Geçtiğimiz hafta açıklanan ekonomik reform paketi, makroekonomik politika ve yapısal politikalar olmak üzere iki ana başlık altında şekilleniyordu. Makro politikalar içerisinde kamu maliyesi, fiyat istikrarı, finansal sektör, cari açık ve istihdam başlıkları yer alıyordu. Yapısal politikalar içerisinde ise kurumsal yönetişim, yatırım teşviki, iç ticaretin kolaylaştırılması, rekabet ve piyanın gözetim ve denetimi gibi başlıklar vardı.
Ancak reform paketi açıklamasının ardından bir çok farklı ve yeni gündemin üstüste geldiğini gördük. HDP’nin kapatılmasıyla ilgili karar, sonrasında Merkez Bankası başkanının değiştirilmesi ve İstanbul sözleşmesinden Türkiye’nin ayrılması gibi… Bu kadar fazla gündemin biranda geliştiği bir ortamda ekonomiyi değerlendirmek ve olumlu bir şeyler söylemek güç. Birkaç veri üzerinden değerlendirmeye çalışalım.
2020 yılına ait yıllık ortalama TÜFE rakamı kabaca %15’i buluyor çarşı pazara indiğimizde fiili enflasyonun bunun daha da üzerinde olduğunu artık kim olsa görebiliyor. Uzun yıllardan beri Türkiye’de döviz kuru geçişkenliği sorunu olduğunu hatırlayacak olursak Dolar/TL kurundaki yükselişin enflasyona neden olması ve nihai amacı enflasyonu düşürmek olan Merkez Bankası’nın bu konudaki mücadelesinin önemi anlaşılmış olur. Ancak ne var ki geçtiğimiz Perşembe Para Politikası Kurulu’nun politika faizini %17’den %19’a yükseltmesi ve sıkı para politikasındaki kararlı duruşun arkasında olduğunu belirtmesi ve piyasaların rahatlayarak doların düşmesinin üzerinden üç gün geçmeden Merkez Bankası Başkanı değiştirildi. Bu durum, çok kısa bir zamanda açıklanan ekonomik reform paketinin fiyat istikrarı başlığının ne kadar ciddiye alındığı konusunda şüpheler uyandırıyor. Zira gıda fiyatları ve petrol fiyatlarındaki son altı aydaki yükselişin de enflasyonu arttırdığı görülüyor. Ayrıca Brent Petrol fiyat artışı nedeniyle cari açık rakamının da artması beklenir.

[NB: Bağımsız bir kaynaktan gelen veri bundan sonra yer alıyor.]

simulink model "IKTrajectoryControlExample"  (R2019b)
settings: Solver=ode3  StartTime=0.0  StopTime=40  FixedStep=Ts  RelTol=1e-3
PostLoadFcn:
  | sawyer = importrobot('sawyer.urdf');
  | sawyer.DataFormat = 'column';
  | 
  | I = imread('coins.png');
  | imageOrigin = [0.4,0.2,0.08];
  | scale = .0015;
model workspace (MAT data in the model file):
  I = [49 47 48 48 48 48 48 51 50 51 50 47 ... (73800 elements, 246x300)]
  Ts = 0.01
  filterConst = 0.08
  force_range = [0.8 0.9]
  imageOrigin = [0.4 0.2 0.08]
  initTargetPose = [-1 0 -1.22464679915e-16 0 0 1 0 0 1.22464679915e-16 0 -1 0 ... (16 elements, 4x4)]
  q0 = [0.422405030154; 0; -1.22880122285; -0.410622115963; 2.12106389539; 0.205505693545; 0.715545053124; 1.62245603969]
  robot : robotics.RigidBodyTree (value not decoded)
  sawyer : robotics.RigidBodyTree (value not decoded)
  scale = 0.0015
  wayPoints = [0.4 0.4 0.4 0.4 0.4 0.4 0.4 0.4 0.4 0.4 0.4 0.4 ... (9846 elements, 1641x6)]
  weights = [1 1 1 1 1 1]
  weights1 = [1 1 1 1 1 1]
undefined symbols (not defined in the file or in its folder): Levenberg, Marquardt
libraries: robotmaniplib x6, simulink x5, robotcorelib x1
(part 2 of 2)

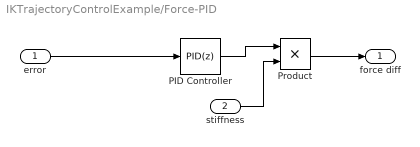
== system IKTrajectoryControlExample/Force-PID ==
  error : Inport
  stiffness : Inport  Port=2
  PID Controller : simulink/Continuous/PID Controller  Controller=PID  Form=Parallel  TimeDomain=Discrete-time  SampleTime=0.01  IntegratorMethod=Forward Euler  FilterMethod=Forward Euler  ControllerParametersSource=internal  P=0.03  I=0.3  D=10  UseFilter=on  N=0  TunerSelectOption=Transfer Function Based (PID Tuner App)  InitialConditionSource=internal  InitialConditionForIntegrator=0  InitialConditionForFilter=0  DifferentiatorICPrevScaledInput=0  ExternalReset=none  TrackingMode=off  Kt=1  LimitOutput=off  UpperSaturationLimit=inf  LowerSaturationLimit=-inf  LinearizeAsGain=on  AntiWindupMode=none  Kb=1  POutMin=[]  POutMax=[]  IOutMin=[]  IOutMax=[]  DOutMin=[]  DOutMax=[]  NOutMin=[]  NOutMax=[]  SumOutMin=[]  SumOutMax=[]  SaturationOutMin=[]  SaturationOutMax=[]  PParamMin=[]  PParamMax=[]  IParamMin=[]  IParamMax=[]  DParamMin=[]  DParamMax=[]  NParamMin=[]  NParamMax=[]  KbParamMin=[]  KbParamMax=[]  KtParamMin=[]  KtParamMax=[]  KbOutMin=[]  KbOutMax=[]  KtOutMin=[]  KtOutMax=[]  IntegratorOutMin=[]  IntegratorOutMax=[]  FilterOutMin=[]  FilterOutMax=[]  SumI1OutMin=[]  SumI1OutMax=[]  SumI2OutMin=[]  SumI2OutMax=[]  SumI3OutMin=[]  SumI3OutMax=[]  SumI4OutMin=[]  SumI4OutMax=[]  SumDOutMin=[]  SumDOutMax=[]  DifferentiatorOutMin=[]  DifferentiatorOutMax=[]  FilterDiffOutCoefMin=[]  FilterDiffOutCoefMax=[]  ReciprocalOutMin=[]  ReciprocalOutMax=[]  SumDenOutMin=[]  SumDenOutMax=[]  SumNumOutMin=[]  SumNumOutMax=[]  DivideOutMin=[]  DivideOutMax=[]  IntegratorContinuousStateAttributes=''  IntegratorStateMustResolveToSignalObject=off  IntegratorRTWStateStorageClass=Auto  FilterContinuousStateAttributes=''  FilterStateMustResolveToSignalObject=off  FilterRTWStateStorageClass=Auto  ParallelPVariant=InternalParameters  IdealPVariant=Disabled  IVariant=InternalParameters  DVariant=InternalParameters  IntegratorVariant=Discrete  SatVariant=Disabled  AWVariant=Passthrough  PCopyVariant=Disabled  TRVariant=Disabled  FdbkBlocksVariant=Forward  IdealPFdbkVariant=Disabled  SatFdbkVariant=Disabled  DerivativeFilterVariant=ForwardEulerFilter  NVariant=InternalParameters  NCopyVariant=Disabled  FilterICVariant=InternalICsFilter  IntegratorICVariant=InternalICs  ExternalResetVariant=Disabled  TRSumVariant=Passthrough  SumFdbkVariant=Disabled  SumVariant=Sum_PID
  Product : Product
  force diff : Outport
  wires:
  error/1 -> PID Controller/1
  PID Controller/1 -> Product/1
  stiffness/1 -> Product/2
  Product/1 -> force diff/1

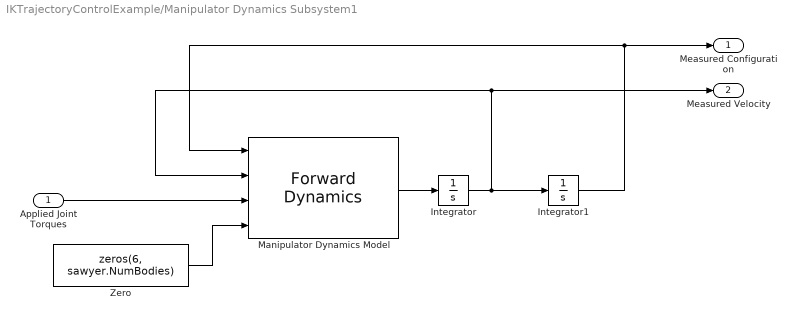
== system IKTrajectoryControlExample/Manipulator Dynamics Subsystem1 ==
  Applied Joint Torques : Inport
  Integrator : Integrator
  Integrator1 : Integrator  InitialCondition=q0
  Manipulator Dynamics Model : robotmaniplib/Forward Dynamics  RigidBodyTree=sawyer  SimulateUsing=Interpreted execution
      settings: SourceProductName=Robotics System Toolbox
  Zero : Constant  Value=zeros(6, sawyer.NumBodies)  OutDataTypeStr=Inherit: Inherit via back propagation
  Measured Configuration : Outport  VectorParamsAs1DForOutWhenUnconnected=off
  Measured Velocity : Outport  Port=2  VectorParamsAs1DForOutWhenUnconnected=off
  wires:
  Integrator1/1 -> Manipulator Dynamics Model/1, Measured Configuration/1
  Manipulator Dynamics Model/1 -> Integrator/1
  Integrator/1 -> Integrator1/1, Manipulator Dynamics Model/2, Measured Velocity/1
  Applied Joint Torques/1 -> Manipulator Dynamics Model/3
  Zero/1 -> Manipulator Dynamics Model/4

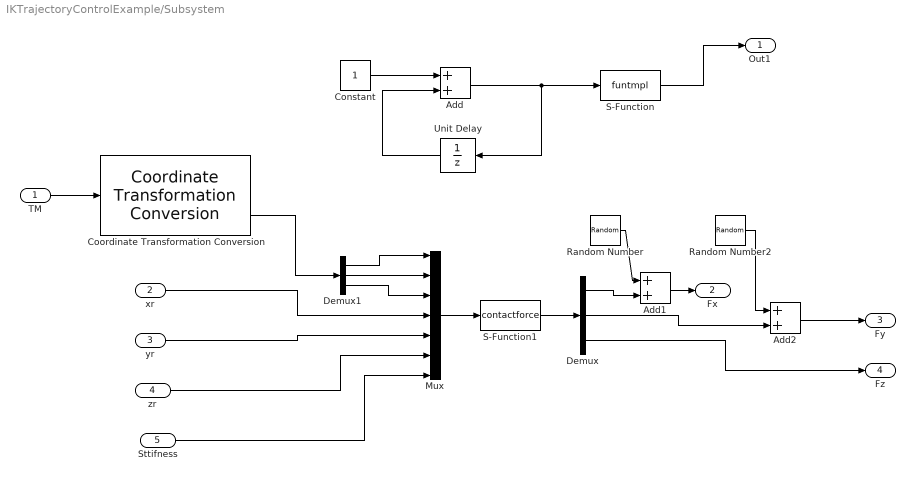
== system IKTrajectoryControlExample/Subsystem ==
  TM : Inport
  xr : Inport  Port=2
  yr : Inport  Port=3
  zr : Inport  Port=4
  "Sttifness " : Inport  Port=5
  Add : Sum
  Add1 : Sum
  Add2 : Sum
  Constant : Constant
  Coordinate Transformation Conversion : robotcorelib/Coordinate Transformation Conversion  InputRepresentation=Homogeneous Transformation  InputEulerSequence=ZYX  ShowTrVecInputPort=on  OutputRepresentation=Rotation Matrix  OutputEulerSequence=ZYX  ShowTrVecOutputPort=on  SimulateUsing=Interpreted execution
      settings: SourceProductBaseCode=RO
  Demux : Demux  Outputs=3
  Demux1 : Demux  Outputs=3
  Mux : Mux  Inputs=7
  Random Number : RandomNumber  Variance=0.001  SampleTime=0.01
  Random Number2 : RandomNumber  Variance=0.001  SampleTime=0.01
  S-Function : S-Function  FunctionName=funtmpl  SFunctionDeploymentMode=off  EnableBusSupport=off
  S-Function1 : S-Function  FunctionName=contactforce  SFunctionDeploymentMode=off  EnableBusSupport=off
  Unit Delay : UnitDelay  SampleTime=-1  HasFrameUpgradeWarning=on
  Out1 : Outport
  Fx : Outport  Port=2
  Fy : Outport  Port=3
  Fz : Outport  Port=4
  wires:
  S-Function/1 -> Out1/1
  Constant/1 -> Add/1
  Add/1 -> Unit Delay/1, S-Function/1
  Unit Delay/1 -> Add/2
  TM/1 -> Coordinate Transformation Conversion/1
  xr/1 -> Mux/4
  yr/1 -> Mux/5
  zr/1 -> Mux/6
  Mux/1 -> S-Function1/1
  S-Function1/1 -> Demux/1
  Add1/1 -> Fx/1
  Demux/1 -> Add1/2
  Random Number/1 -> Add1/1
  Add2/1 -> Fy/1
  Random Number2/1 -> Add2/1
  Demux/2 -> Add2/2
  "Sttifness "/1 -> Mux/7
  Coordinate Transformation Conversion/2 -> Demux1/1
  Demux1/1 -> Mux/1
  Demux1/2 -> Mux/2
  Demux1/3 -> Mux/3
  Demux/3 -> Fz/1

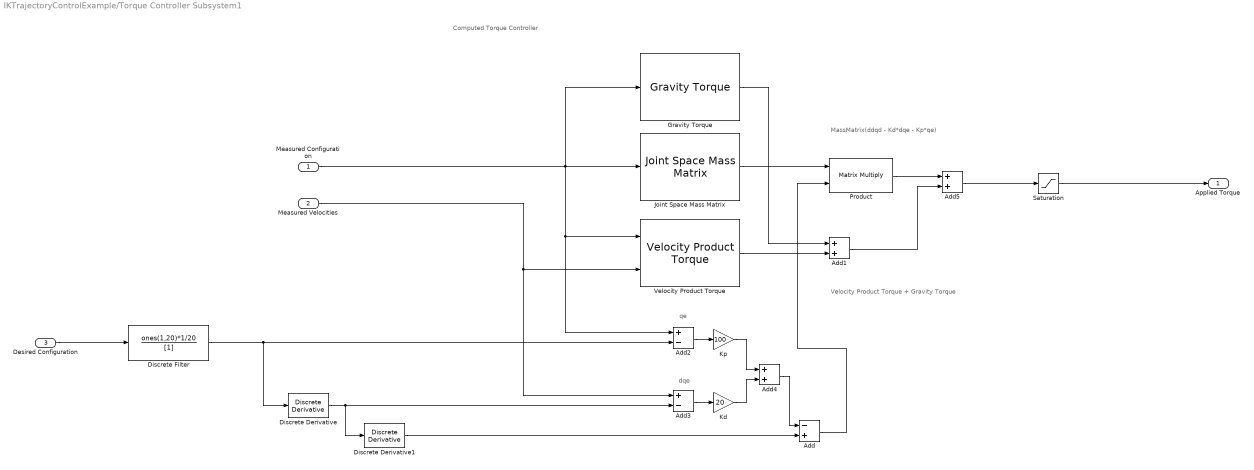
== system IKTrajectoryControlExample/Torque Controller Subsystem1 ==
  note: Computed Torque Controller
  note: MassMatrix(ddqd - Kd*dqe - Kp*qe)
  note: Velocity Product Torque + Gravity Torque
  note: dqe
  note: qe
  Measured Configuration : Inport
  Measured Velocities : Inport  Port=2
  Desired Configuration : Inport  Port=3
  Add : Sum  Inputs=-+
  Add1 : Sum
  Add2 : Sum  Inputs=+-
  Add3 : Sum  Inputs=+-
  Add4 : Sum
  Add5 : Sum
  Discrete Derivative : simulink/Discrete/Discrete Derivative  gainval=1.0  ICPrevScaledInput=0.0  OutMin=[]  OutMax=[]  OutDataType=fixdt(1, 16)  OutScaling=2^-10  DoSatur=off
  Discrete Derivative1 : simulink/Discrete/Discrete Derivative  gainval=1.0  ICPrevScaledInput=0.0  OutMin=[]  OutMax=[]  OutDataType=fixdt(1, 16)  OutScaling=2^-10  DoSatur=off
  Discrete Filter : DiscreteFilter  Numerator=ones(1,20)*1/20  Denominator=[1]  InitialStates=repmat(q0',19,1)
  Gravity Torque : robotmaniplib/Gravity Torque  RigidBodyTree=sawyer  SimulateUsing=Interpreted execution
      settings: SourceProductName=Robotics System Toolbox
  Joint Space Mass Matrix : robotmaniplib/Joint Space Mass Matrix  RigidBodyTree=sawyer  SimulateUsing=Interpreted execution
      settings: SourceProductName=Robotics System Toolbox
  Kd : Gain  Gain=20
  Kp : Gain  Gain=100
  Product : Product  Multiplication=Matrix(*)
  Saturation : Saturate  UpperLimit=100  LowerLimit=-100
  Velocity Product Torque : robotmaniplib/Velocity Product Torque  RigidBodyTree=sawyer  SimulateUsing=Interpreted execution
      settings: SourceProductName=Robotics System Toolbox  SourceProductBaseCode=RO
  Applied Torque : Outport  VectorParamsAs1DForOutWhenUnconnected=off
  wires:
  Saturation/1 -> Applied Torque/1
  Velocity Product Torque/1 -> Add1/2
  Gravity Torque/1 -> Add1/1
  Add1/1 -> Add5/2
  Product/1 -> Add5/1
  Add5/1 -> Saturation/1
  Kd/1 -> Add4/2
  Kp/1 -> Add4/1
  Add3/1 -> Kd/1
  Add2/1 -> Kp/1
  Discrete Derivative/1 -> Add3/2, Discrete Derivative1/1
  Desired Configuration/1 -> Discrete Filter/1
  Add/1 -> Product/2
  Discrete Derivative1/1 -> Add/2
  Add4/1 -> Add/1
  Measured Velocities/1 -> Velocity Product Torque/2, Add3/1
  Measured Configuration/1 -> Add2/1, Velocity Product Torque/1, Gravity Torque/1, Joint Space Mass Matrix/1
  Joint Space Mass Matrix/1 -> Product/1
  Discrete Filter/1 -> Discrete Derivative/1, Add2/2

== stateflow chart IKTrajectoryControlExample/Waypoint Selection//Conversion Logic1 ==
  (default) -> (junction 1) : %Check EE deviation from Target Pose
      | {error = vecnorm(targetPose(1:3, :) - currentEEPose(1:3, :), 2, 1); }
  (junction 1) -> (junction 3) [order 1] : [(Stop_Force_Control==true &&  all(error < tol ))]
  (junction 3) -> (junction 19) [order 1] : [index == length(wayPoints)]
  (junction 1) -> (junction 5) [order 2]
  (junction 3) -> (junction 7) [order 2] : %Select next Waypoint
      | {index = index + 1;
      | }
  (junction 19) -> (junction 22) : %Stop Simulation
      | {finished = true;}
  (junction 7) -> (junction 5)
  (junction 22) -> (junction 7)
  (junction 5) -> (junction 10) : %Update Target and Convert to Homogenous Transform disp(targetPose);
      | { targetPose = eul2tform(wayPoints(index,4:6));
      | targetPose(1:3,end) = (wayPoints(index,1:3)+[0 0 force_diff])';
      | }
  data: targetPose output =initTargetPose; wayPoints input; currentEEPose input; finished output =false; index local [..length(wayPoints)] =1; tol local =.01; error local; Stop_Force_Control input; force_diff input

== matlab function IKTrajectoryControlExample/MATLAB Function1 ==
  data: targetPose input; wayPoints input; currentPose input
function waypointTracking(targetPose, wayPoints, currentPose)
%#codegen

persistent f1 a1

if isempty(f1)
    f1 = figure;
    title('Waypoint Tracking-force');
    a1 = axes;
    axis(a1, [	0.4,0.8, 0.2,0.635, 0.05,0.3]);
    set(f1, 'Visible', 'on');
end

targetPoint = targetPose(1:3,end);
currentPoint = currentPose(1:3,end);

plot3(a1,wayPoints(:,1), wayPoints(:,2), wayPoints(:,3), 'b.', 'MarkerSize', 1);
hold on
plot3(a1,targetPoint(1), targetPoint(2), targetPoint(3), 'go', 'MarkerSize', 5);
plot3(a1,currentPoint(1), currentPoint(2), currentPoint(3), 'ro', 'MarkerSize', 5);

hold off

Makroekonomik göstergelerden kurulan şirket sayıları olumlu ve istihdam verileri ise olumsuz bir gelişme olarak değerlendirilebilir. Aşağıdaki tabloda Şubat 2020’de ve 1 yıl sonra Şubat 2021’de kurulan ve kapanan şirket sayıları görülmekte. Buna göre pandemiye rağmen kurulan şirket sayısının arttığını ve kapanan şirket sayısının düştüğünü görüyoruz. Bu durum olumlu bir gelişme olarak değerlendirilebilir.
İşgücü piyasası verilerine bakıldığında 2020 yılı içinde aylık bazda işsizlik ve tarım dışı işsizlik oranlarının aradaki yükselmelere rağmen 2020 Ocak ayına göre azaldığını görüyoruz. Bu, olumlu bir gelişme olarak değerlendirilebilir ancak genç işsizlik oranının yükseldiğini ve istihdam oranının düştüğünü görüyoruz ki bu durum kurulan şirket sayılarındaki artışın henüz istihdama yansımadığını gösteriyor. Ocak 2020 ve Ocak 2021 verisi karşılaştırıldığında da durum aynıdır. Bu nedenle istihdama yönelik teşviklerin hayata geçmesi sağlanabilirse istihdam oranlarının arttığını görebiliriz.
Daha kapsamlı bir değerlendirme için uluslararası para piyasalarına daha detaylı bakmak gerekir.